**Information shown**
═══
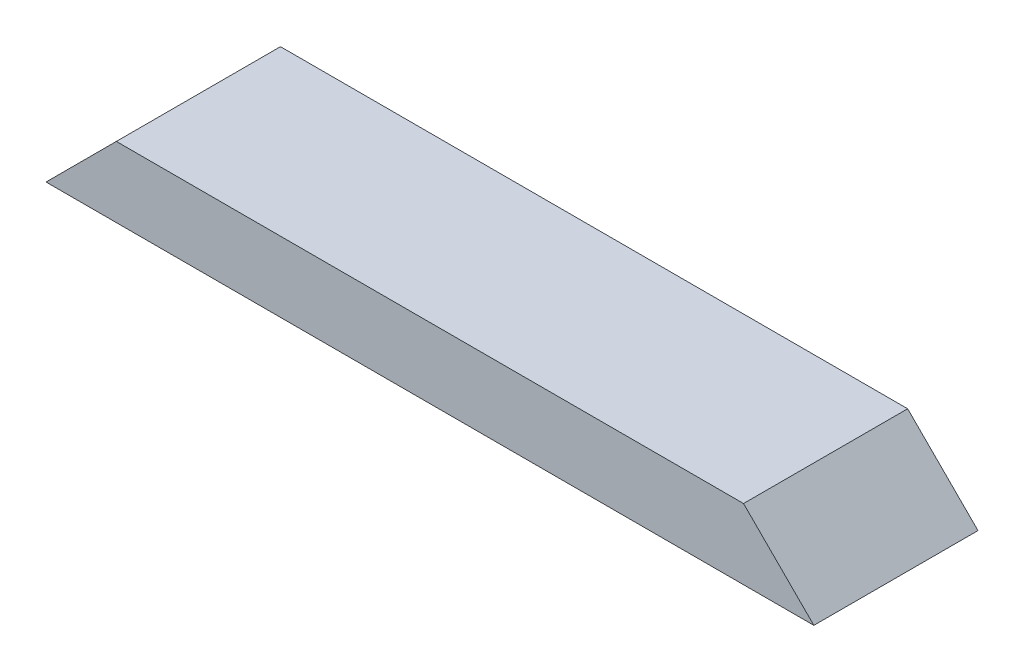
from build123d import *

# Parameters (mm, degrees)
SKETCH1_W           = 415.925
SKETCH1_H           = 88.9
BOSS_EXTRUDE1_DEPTH = 38.1
CUT_EXTRUDE1_DEPTH  = 89.9


with BuildPart() as part:
    # Sketch1 → Boss-Extrude1 (new body)
    with BuildSketch(Plane(origin=(0, 0, 0), x_dir=(1, 0, 0), z_dir=(0, 1, 0))):
        with Locations((207.9625, 44.45)):
            Rectangle(SKETCH1_W, SKETCH1_H)
    extrude(amount=BOSS_EXTRUDE1_DEPTH)

    # Sketch2 → Cut-Extrude1 (cut, through all)
    with BuildSketch(Plane.XY):
        Polygon((0, 0), (38.1, 38.1), (0, 38.1), align=None)
        Polygon((415.925, 0), (415.925, 38.1), (377.825, 38.1), align=None)
    extrude(amount=-CUT_EXTRUDE1_DEPTH, mode=Mode.SUBTRACT)


solid = part.part
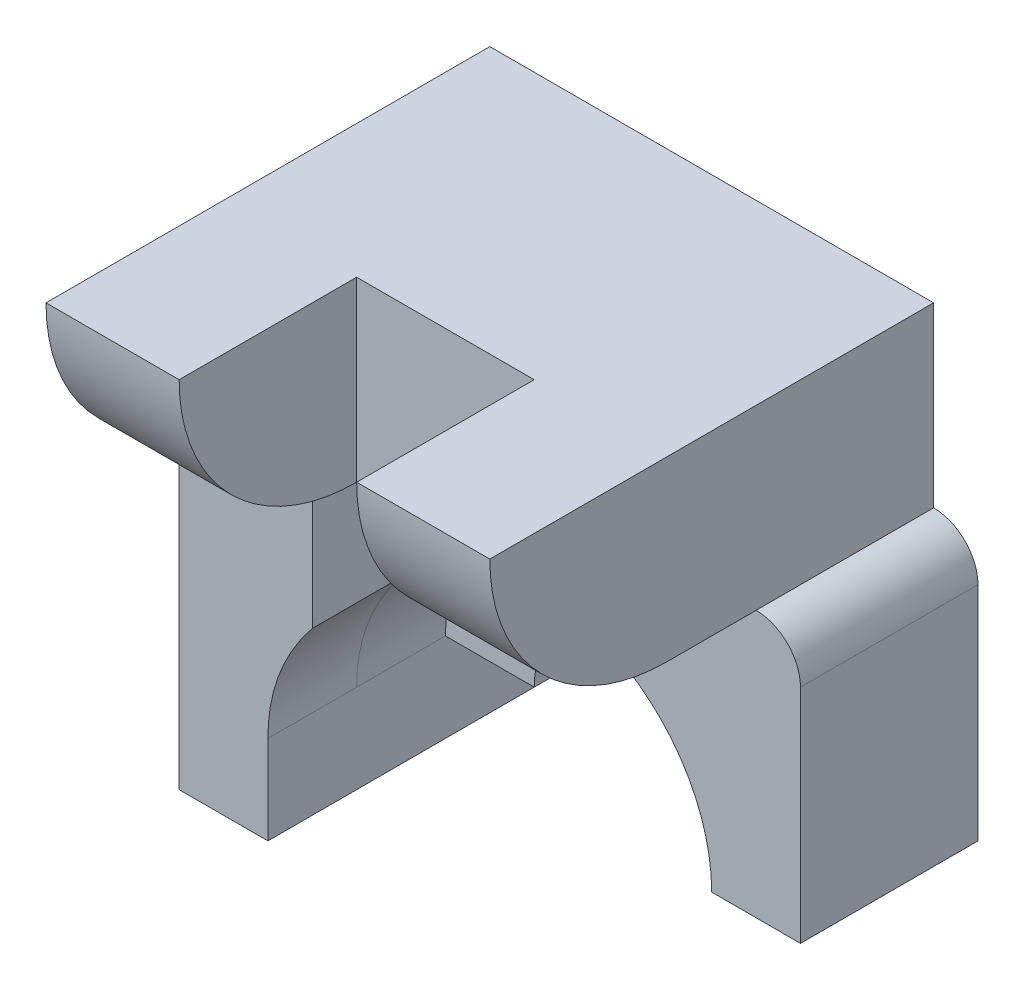
from build123d import *

# Parameters (mm, degrees)
BOSS_EXTRUDE1_DEPTH = 10
BOSS_EXTRUDE2_DEPTH = 5
BOSS_EXTRUDE6_DEPTH = 5
SKETCH10_W          = 25
SKETCH10_H          = 10
BOSS_EXTRUDE7_DEPTH = 25
CUT_EXTRUDE4_DEPTH  = 28.5000001
SKETCH12_W          = 10
SKETCH12_H          = 10
CUT_EXTRUDE5_DEPTH  = 25


with BuildPart() as part:
    # Sketch1 → Boss-Extrude1 (new body)
    with BuildSketch(Plane.XY):
        with BuildLine():
            Line((10, 0), (15, 0))
            Line((15, 0), (15, 12.5))
            ThreePointArc((15, 12.5), (14.267766953, 14.267766953), (12.5, 15))
            Line((12.5, 15), (-12.5, 15))
            ThreePointArc((-12.5, 15), (-14.267766953, 14.267766953), (-15, 12.5))
            Line((-15, 12.5), (-15, -5))
            Line((-15, -5), (-10, -5))
            Line((-10, -5), (-10, 0))
            ThreePointArc((-10, 0), (0, 10), (10, 0))
        make_face()
    extrude(amount=BOSS_EXTRUDE1_DEPTH)

    # Sketch2 → Boss-Extrude2 (add)
    with BuildSketch(Plane.XY):
        with BuildLine():
            ThreePointArc((-10, 0), (0, 10), (10, 0))
            Line((10, 0), (5, 0))
            ThreePointArc((5, 0), (0, 5), (-5, 0))
            Line((-5, 0), (-10, 0))
        make_face()
    extrude(amount=BOSS_EXTRUDE2_DEPTH)

    # Sketch9 → Boss-Extrude6 (add)
    with BuildSketch(Plane.XY.offset(10)):
        with BuildLine():
            Line((-15, 12.5), (-15, -5))
            Line((-15, -5), (-10, -5))
            Line((-10, -5), (-10, 0))
            add(Edge.make_bspline(
                [(-7.5, 6.614378278), (-10, 3.535533906), (-10, 0)],
                knots=[0, 0, 0, 1, 1, 1], degree=2))
            Line((-7.5, 6.614378278), (-7.5, 15))
            Line((-7.5, 15), (-12.5, 15))
            ThreePointArc((-12.5, 15), (-14.267766953, 14.267766953), (-15, 12.5))
        make_face()
    extrude(amount=BOSS_EXTRUDE6_DEPTH)

    # Sketch10 → Boss-Extrude7 (add)
    with BuildSketch(Plane.XY):
        with Locations((0, 20)):
            Rectangle(SKETCH10_W, SKETCH10_H)
    extrude(amount=BOSS_EXTRUDE7_DEPTH)

    # Sketch11 → Cut-Extrude4 (cut, through all)
    with BuildSketch(Plane(origin=(12.5, 0, 0), x_dir=(0, 0, -1), z_dir=(1, 0, 0))):
        with BuildLine():
            Line((-25, 25), (-25, 15))
            Line((-25, 15), (-15, 15))
            ThreePointArc((-15, 15), (-22.071067812, 17.928932188), (-25, 25))
        make_face()
    extrude(amount=-CUT_EXTRUDE4_DEPTH, mode=Mode.SUBTRACT)

    # Sketch12 → Cut-Extrude5 (cut)
    with BuildSketch(Plane(origin=(0, 25, 0), x_dir=(1, 0, 0), z_dir=(0, 1, 0))):
        with Locations((0, -20)):
            Rectangle(SKETCH12_W, SKETCH12_H)
    extrude(amount=-CUT_EXTRUDE5_DEPTH, mode=Mode.SUBTRACT)


solid = part.part
═══
Output the records exactly. Drop the images.

**Answer section**
from build123d import *

# Parameters (mm, degrees)
SKETCH1_W           = 415.925
SKETCH1_H           = 88.9
BOSS_EXTRUDE1_DEPTH = 38.1
CUT_EXTRUDE1_DEPTH  = 89.9


with BuildPart() as part:
    # Sketch1 → Boss-Extrude1 (new body)
    with BuildSketch(Plane(origin=(0, 0, 0), x_dir=(1, 0, 0), z_dir=(0, 1, 0))):
        with Locations((207.9625, 44.45)):
            Rectangle(SKETCH1_W, SKETCH1_H)
    extrude(amount=BOSS_EXTRUDE1_DEPTH)

    # Sketch2 → Cut-Extrude1 (cut, through all)
    with BuildSketch(Plane.XY):
        Polygon((0, 0), (38.1, 38.1), (0, 38.1), align=None)
        Polygon((415.925, 0), (415.925, 38.1), (377.825, 38.1), align=None)
    extrude(amount=-CUT_EXTRUDE1_DEPTH, mode=Mode.SUBTRACT)


solid = part.part
from build123d import *

# Parameters (mm, degrees)
BOSS_EXTRUDE1_DEPTH = 10
BOSS_EXTRUDE2_DEPTH = 5
BOSS_EXTRUDE6_DEPTH = 5
SKETCH10_W          = 25
SKETCH10_H          = 10
BOSS_EXTRUDE7_DEPTH = 25
CUT_EXTRUDE4_DEPTH  = 28.5000001
SKETCH12_W          = 10
SKETCH12_H          = 10
CUT_EXTRUDE5_DEPTH  = 25


with BuildPart() as part:
    # Sketch1 → Boss-Extrude1 (new body)
    with BuildSketch(Plane.XY):
        with BuildLine():
            Line((10, 0), (15, 0))
            Line((15, 0), (15, 12.5))
            ThreePointArc((15, 12.5), (14.267766953, 14.267766953), (12.5, 15))
            Line((12.5, 15), (-12.5, 15))
            ThreePointArc((-12.5, 15), (-14.267766953, 14.267766953), (-15, 12.5))
            Line((-15, 12.5), (-15, -5))
            Line((-15, -5), (-10, -5))
            Line((-10, -5), (-10, 0))
            ThreePointArc((-10, 0), (0, 10), (10, 0))
        make_face()
    extrude(amount=BOSS_EXTRUDE1_DEPTH)

    # Sketch2 → Boss-Extrude2 (add)
    with BuildSketch(Plane.XY):
        with BuildLine():
            ThreePointArc((-10, 0), (0, 10), (10, 0))
            Line((10, 0), (5, 0))
            ThreePointArc((5, 0), (0, 5), (-5, 0))
            Line((-5, 0), (-10, 0))
        make_face()
    extrude(amount=BOSS_EXTRUDE2_DEPTH)

    # Sketch9 → Boss-Extrude6 (add)
    with BuildSketch(Plane.XY.offset(10)):
        with BuildLine():
            Line((-15, 12.5), (-15, -5))
            Line((-15, -5), (-10, -5))
            Line((-10, -5), (-10, 0))
            add(Edge.make_bspline(
                [(-7.5, 6.614378278), (-10, 3.535533906), (-10, 0)],
                knots=[0, 0, 0, 1, 1, 1], degree=2))
            Line((-7.5, 6.614378278), (-7.5, 15))
            Line((-7.5, 15), (-12.5, 15))
            ThreePointArc((-12.5, 15), (-14.267766953, 14.267766953), (-15, 12.5))
        make_face()
    extrude(amount=BOSS_EXTRUDE6_DEPTH)

    # Sketch10 → Boss-Extrude7 (add)
    with BuildSketch(Plane.XY):
        with Locations((0, 20)):
            Rectangle(SKETCH10_W, SKETCH10_H)
    extrude(amount=BOSS_EXTRUDE7_DEPTH)

    # Sketch11 → Cut-Extrude4 (cut, through all)
    with BuildSketch(Plane(origin=(12.5, 0, 0), x_dir=(0, 0, -1), z_dir=(1, 0, 0))):
        with BuildLine():
            Line((-25, 25), (-25, 15))
            Line((-25, 15), (-15, 15))
            ThreePointArc((-15, 15), (-22.071067812, 17.928932188), (-25, 25))
        make_face()
    extrude(amount=-CUT_EXTRUDE4_DEPTH, mode=Mode.SUBTRACT)

    # Sketch12 → Cut-Extrude5 (cut)
    with BuildSketch(Plane(origin=(0, 25, 0), x_dir=(1, 0, 0), z_dir=(0, 1, 0))):
        with Locations((0, -20)):
            Rectangle(SKETCH12_W, SKETCH12_H)
    extrude(amount=-CUT_EXTRUDE5_DEPTH, mode=Mode.SUBTRACT)


solid = part.part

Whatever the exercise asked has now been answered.